There may be some utilities out there which work this way, but it is not
convention and should not be regarded as one.

Single letter options should almost always take an argument as a separate
argument.

Some traditional utilities allow one or more arguments to be extracted as they
are scanning through a "clump" of single letter options:

    
    
      -abc b-arg c-arg
    

Implementations of _tar_ are like this.

Newly written utilities should not allow an option to clump with others if it
requires an argument. Only Boolean single-letter options should clump.

Under no circumstances should an option clump if its argument is part of the
same argument string. For instance consider the GCC option -Dfoo=bar for
defining a preprocessor macro, and the -E option doing preprocessing only.
Even if -Dfoo=bar is last, we don't want it to clump with -E as -EDfoo=bar ---
and it doesn't.

But, in the first place, even if it did, we don't want to be looking to C
compilers for convention, unless we are specifically making a C compiler
driver that needs to be compatible.

------
desc
Some other commenters have mentioned environment variables as input.

IMO there are broadly two types of command: plumbing and porcelain. There's a
certain amount of convention and culture in distinguishing them and I'm not
going to try to argue the culture boundary...
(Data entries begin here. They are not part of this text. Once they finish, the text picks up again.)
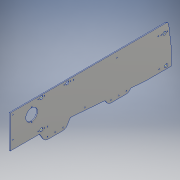
# Autodesk Inventor part: Storage Side Plate
Saved by Autodesk Inventor 2019.4 (Build 234330000, 330)
## iProperties
Created: 2020-01-24
Part Number: Storage Side Plate
Material: Aluminum 6061
Document SubType Name: Modeling
Designer: admin
Density: 2.7 g/cm^3
Appearance: Aluminum - Flat
Mass: 2534.1 g
Surface Area: 3913.12 cm^2
Volume: 938.555 cm^3
Author: admin
Autodesk Inventor part; units mm, degrees
ref_plane "YZ Plane" through (0, 0, 0) normal (1, 0, 0) x (0, 1, 0)
ref_plane "XZ Plane" through (0, 0, 0) normal (0, 1, 0) x (-1, 0, 0)
ref_plane "XY Plane" through (0, 0, 0) normal (0, 0, 1) x (1, 0, 0)
sketch "Sketch1" plane through (0, 0, 0) normal (1, 0, 0) x (0, 1, 0)
  line L0 (0, 0) -> (190, 0)
  line L1 (190, 0) -> (190, -912)
  circle A0 centre (97, -465) radius 88.9 construction
  circle A1 centre (177, -180) radius 9.5
  circle A2 centre (17, -180) radius 9.5
  circle A3 centre (-23, -898.888) radius 9.5
  circle A4 centre (143.8889, -889.1351) radius 9.5
  line L2 (17, -180) -> (-23, -898.888) construction
  line L3 (234.971, -205) -> (-89.3496, -205) construction
  circle A5 centre (175, -330) radius 9.5
  line L4 (175, -330) -> (143.8889, -889.1351) construction
  line L5 (17, -180) -> (177, -180) construction
  circle A6 centre (97, -268.8359) radius 88.9 construction
  circle A7 centre (-93.9984, -625.4651) radius 88.9 construction
  circle A8 centre (-75.5805, -1096.5117) radius 88.9 construction
  circle A9 centre (173.0556, -364.9459) radius 2.75
  circle A10 centre (159.1667, -614.5598) radius 2.75
  circle A11 centre (145.8333, -854.1892) radius 2.75
  circle A12 centre (-20.7778, -858.9498) radius 2.75
  circle A13 centre (-9.1111, -649.2741) radius 2.75
  circle A14 centre (3.1111, -429.6139) radius 2.75
  circle A15 centre (15.0556, -214.9459) radius 2.75
  circle A16 centre (50, -15) radius 2.75
  circle A17 centre (175, -15) radius 2.75
  line L6 (-40, -930) -> (40, -930)
  line L7 (40, -930) -> (190, -912)
  circle A18 centre (-10.6816, -885.7633) radius 2.5 construction
  circle A19 centre (-35.3184, -912.0127) radius 2.5 construction
  line L8 (143.8889, -871.1351) -> (143.8889, -907.1351) construction
  circle A20 centre (143.8889, -871.1351) radius 2.5
  circle A21 centre (143.8889, -907.1351) radius 2.5
  line L9 (17, -162) -> (17, -198) construction
  circle A22 centre (17, -162) radius 2.5
  circle A23 centre (17, -198) radius 2.5
  line L10 (175, -312) -> (175, -348) construction
  circle A24 centre (175, -312) radius 2.5
  circle A25 centre (175, -348) radius 2.5
  line L11 (177, -162) -> (177, -198) construction
  circle A26 centre (177, -162) radius 2.5
  circle A27 centre (177, -198) radius 2.5
  line L12 (-10.6816, -885.7633) -> (-35.3184, -912.0127) construction
  line L13 (0, 0) -> (0, -280)
  line L14 (0, -280) -> (-40, -780)
  line L15 (-40, -780) -> (-40, -930)
  dimension "d1" = 177.8
  dimension "d2" = 19
  dimension "d3" = 19
  dimension "d4" = 19
  dimension "d5" = 19
  dimension "d8" = 180
  dimension "d9" = 180
  dimension "d10" = 205
  dimension "d11" = 19
  dimension "d14" = 125
  dimension "d15" = 190
  dimension "d16" = 18
  dimension "d19" = 160
  dimension "d20" = 560
  dimension "d21" = 720
  dimension "d22" = 177.8
  dimension "d23" = 177.8
  dimension "d24" = 177.8
  dimension "d35" = 5.5
  dimension "d36" = 5.5
  dimension "d37" = 5.5
  dimension "d38" = 35
  dimension "d39" = 35
  dimension "d40" = 250
  dimension "d41" = 5.5
  dimension "d42" = 5.5
  dimension "d43" = 5.5
  dimension "d44" = 5.5
  dimension "d45" = 5.5
  dimension "d46" = 5.5
  dimension "d47" = 35
  dimension "d48" = 40
  dimension "d49" = 250
  dimension "d50" = 250
  dimension "d52" = 15
  dimension "d53" = 15
  dimension "d54" = 15
  dimension "d55" = 80
  dimension "d81" = 5
  dimension "d82" = 5
  dimension "d83" = 36
  dimension "d84" = 5
  dimension "d85" = 5
  dimension "d86" = 36
  dimension "d87" = 5
  dimension "d88" = 5
  dimension "d89" = 36
  dimension "d90" = 5
  dimension "d91" = 5
  dimension "d92" = 36
  dimension "d93" = 5
  dimension "d94" = 5
  dimension "d95" = 36
  dimension "d105" = 930
  dimension "d106" = 40
  dimension "d108" = 50
  dimension "d109" = 500
  dimension "d110" = 17
  dimension "d111" = 17
  dimension "d112" = 40
  dimension "d113" = 150
  dimension "d114" = 15
  constraints: 32 end point, 28 centre point, 10 coincident, 7 point on line, 5 midpoint, 5 vertical, 3 horizontal, 2 parallel, 1 perpendicular
  measures "d1" diameter of A0
  measures "d2" diameter of A1
  measures "d3" diameter of A2
  measures "d4" diameter of A3
  measures "d5" diameter of A4
  measures "d8" distance from line of L5.end L0
  measures "d9" distance from line of L2.start L0
  measures "d10" distance between parallel lines of L0 L3
  measures "d11" diameter of A5
  measures "d14" distance from line of L4.start L3
  measures "d15" distance of L0.start L0.end
  measures "d16" vertical distance of L1.end L6.start
  measures "d19" distance of L2.start L5.end
  measures "d20" distance of L4.end L4.start
  measures "d21" distance of L2.end L2.start
  measures "d22" diameter of A6
  measures "d23" diameter of A7
  measures "d24" diameter of A8
  measures "d35" diameter of A9
  measures "d36" diameter of A10
  measures "d37" diameter of A11
  measures "d38" distance of L4.start A9.centre
  measures "d39" distance of L4.end A11.centre
  measures "d40" distance of A9.centre A10.centre
  measures "d41" diameter of A12
  measures "d42" diameter of A13
  measures "d43" diameter of A14
  measures "d44" diameter of A15
  measures "d45" diameter of A16
  measures "d46" diameter of A17
  measures "d47" distance of L2.start A15.centre
  measures "d48" distance of L2.end A12.centre
  measures "d49" distance of L2.end A13.centre
  measures "d50" distance of L2.start A14.centre
  measures "d52" distance from line of L1 A17.centre
  measures "d53" distance from line of L0 A17.centre
  measures "d54" distance from line of L0 A16.centre
  measures "d55" distance of L6.start L6.end
  measures "d81" diameter of A18
  measures "d82" diameter of A19
  measures "d83" distance of L8.start L8.end
  measures "d84" diameter of A20
  measures "d85" diameter of A21
  measures "d86" distance of L9.start L9.end
  measures "d87" diameter of A22
  measures "d88" diameter of A23
  measures "d89" distance of L10.start L10.end
  measures "d90" diameter of A24
  measures "d91" diameter of A25
  measures "d92" distance of L11.start L11.end
  measures "d93" diameter of A26
  measures "d94" diameter of A27
  measures "d95" distance of L12.start L12.end
  measures "d105" distance between parallel lines of L0 L6
  measures "d106" horizontal distance of L13.end L14.end
  measures "d108" distance from line of L13 A16.centre
  measures "d109" vertical distance of L13.end L14.end
  measures "d110" distance from line of L13 L2.start
  measures "d111" distance from line of L15 L2.end
  measures "d112" angle of L2 L12
  measures "d113" distance of L14.end L6.start
  measures "d114" distance from line of L1 L4.start
extrude "Extrusion1" add sketch "Sketch1" along normal blind 5
ref_plane "Work Plane3" through (5, 1011.7922, 17698.6054) normal (0, -0.9986936, 0.051099) x (-1, 0, 0)
ref_plane "Work Plane1" through (5, 177, -180) normal (0, -0.9989117, 0.0466414) x (-1, 0, 0)
ref_plane "Work Plane2" through (5, -23, -898.888) normal (0, 0.9984556, -0.0555556) x (-1, 0, 0)
ref_plane "Work Plane5" through (5, 177, -245) normal (0, 0, 1) x (-1, 0, 0)
ref_plane "Work Plane4" through (5, 177, -180) normal (0, 0, 1) x (-1, 0, 0)
fillet "Fillet1" radius 15 1 edges at (2.5, 190, -912)
sketch "Sketch2" plane through (5, 0, 0) normal (1, 0, 0) x (0, 0, -1)
  line L0 (780, -40) -> (930, -40) projected
  line L1 (930, -40) -> (865, -40)
  line L2 (865, -40) -> (865, -35)
  line L3 (865, -35) -> (930, -35)
  line L4 (930, -35) -> (930, -40)
  dimension "d115" = 65
  dimension "d116" = 5
  constraints: 8 end point, 2 parallel, 1 horizontal, 1 perpendicular
  measures "d115" distance of L2.end L3.end
  measures "d116" distance of L1.end L2.end
extrude "Extrusion2" [suppressed]
fillet "Fillet3" [suppressed]
sketch "Sketch4" plane through (5, 0, 0) normal (1, 0, 0) x (0, 0, -1)
  circle A0 centre (10, 14.3) radius 2.75 projected
  circle A1 centre (400.3762, 175) radius 2.75 projected
  circle A2 centre (437.8762, 175) radius 2.75 projected
  circle A3 centre (475.3762, 175) radius 2.75 projected
  circle A4 centre (512.8762, 175) radius 2.75 projected
  circle A5 centre (550.3762, 175) radius 2.75 projected
  circle A6 centre (220.7003, 175) radius 2.75 projected
  circle A7 centre (250.7003, 175) radius 2.75 projected
  circle A8 centre (280.7003, 175) radius 2.75 projected
  circle A9 centre (882, -23) radius 2.75 projected
  circle A10 centre (918, -23) radius 2.75 projected
  point P0 (0, 0)
extrude "Extrusion4" [suppressed]
sketch "Sketch5" plane through (5, 0, 0) normal (1, 0, 0) x (0, 0, -1)
  line L0 (865, 0) -> (0, 0) projected
  line L1 (170, 0) -> (200, -50)
  line L2 (200, -50) -> (320, -50)
  line L3 (320, -50) -> (350, 0)
  line L4 (535, 0) -> (565, -50)
  line L5 (565, -50) -> (685, -50)
  line L6 (685, -50) -> (715, 0)
  line L7 (215, -35) -> (305, -35) construction
  circle A0 centre (215, -35) radius 2.75
  circle A1 centre (305, -35) radius 2.75
  circle A2 centre (260, -35) radius 2.75
  line L8 (260, -35) -> (260, -50) construction
  line L9 (580, -35) -> (670, -35) construction
  circle A3 centre (580, -35) radius 2.75
  circle A4 centre (670, -35) radius 2.75
  circle A5 centre (625, -35) radius 2.75
  line L10 (625, -35) -> (625, -50) construction
  dimension "d60" = 30
  dimension "d61" = 120
  dimension "d62" = 120
  dimension "d63" = 30
  dimension "d64" = 50
  dimension "d65" = 200
  dimension "d66" = 180
  dimension "d69" = 5.5
  dimension "d70" = 5.5
  dimension "d71" = 5.5
  dimension "d72" = 90
  dimension "d73" = 15
  dimension "d74" = 5.5
  dimension "d75" = 5.5
  dimension "d76" = 5.5
  dimension "d77" = 90
  dimension "d78" = 15
  constraints: 20 end point, 6 centre point, 6 point on line, 4 coincident, 4 midpoint, 2 equal length, 2 horizontal, 2 perpendicular, 1 parallel
  measures "d60" horizontal distance of L2.end L3.end
  measures "d61" distance of L1.end L2.end
  measures "d62" distance of L4.end L5.end
  measures "d63" horizontal distance of L5.end L6.end
  measures "d64" vertical distance of L1.start L1.end
  measures "d65" horizontal distance of L0.end L1.end
  measures "d66" horizontal distance of L0.start L5.end
  measures "d69" diameter of A0
  measures "d70" diameter of A1
  measures "d71" diameter of A2
  measures "d72" distance of L7.start L7.end
  measures "d73" distance between parallel lines of L2 L7
  measures "d74" diameter of A3
  measures "d75" diameter of A4
  measures "d76" diameter of A5
  measures "d77" distance of L9.start L9.end
  measures "d78" distance of L10.start L10.end
extrude "Extrusion5" add sketch "Sketch5" against normal up to surface (5 mm away)
fillet "Fillet4" radius 30 4 edges at (2.5, -50, -320) (2.5, -50, -200) (2.5, -50, -565) (2.5, -50, -685)
sketch "Sketch6" plane through (5, 0, 0) normal (1, 0, 0) x (0, 0, -1)
  circle A0 centre (123.5866, 120.1489) radius 30.877 construction
  circle A1 centre (123.5866, 120.1489) radius 34
  circle A2 centre (123.5866, 158.6489) radius 2.75
  circle A3 centre (123.5866, 81.6489) radius 2.75
  line L0 (123.5866, 158.6489) -> (123.5866, 81.6489) construction
  point P0 (0, 0)
  dimension "d99" = 68
  dimension "d102" = 5.5
  dimension "d103" = 5.5
  dimension "d104" = 77
  constraints: 4 centre point, 2 coincident, 2 end point, 1 midpoint, 1 vertical, 2 other
  measures "d99" diameter of A1
  measures "d102" diameter of A2
  measures "d103" diameter of A3
  measures "d104" distance of L0.start L0.end
extrude "Extrusion6" cut sketch "Sketch6" against normal through all
body "Solid1"

For the commands which are plumbing (by whatever culture's rules), the
following apply:

* They are designed to interact with other plumbing: pipes, machine-comprehension, etc

* Exit code 0 for success, anything else for error. Don't try to be clever.

* You can determine precisely and unambiguously what the behaviour will be, from the invocation alone. Under no circumstances may anything modify this; no configuration, no environment.

For the commands which are porcelain (by the same culture's rules, for
consistency), the following apply:

* Try to be convenient for the user, but don't sacrifice consistency.

* If plumbing returns a failure which isn't specifically handled properly, either something is buggy or the user asked for something Not Right; clean up and abort.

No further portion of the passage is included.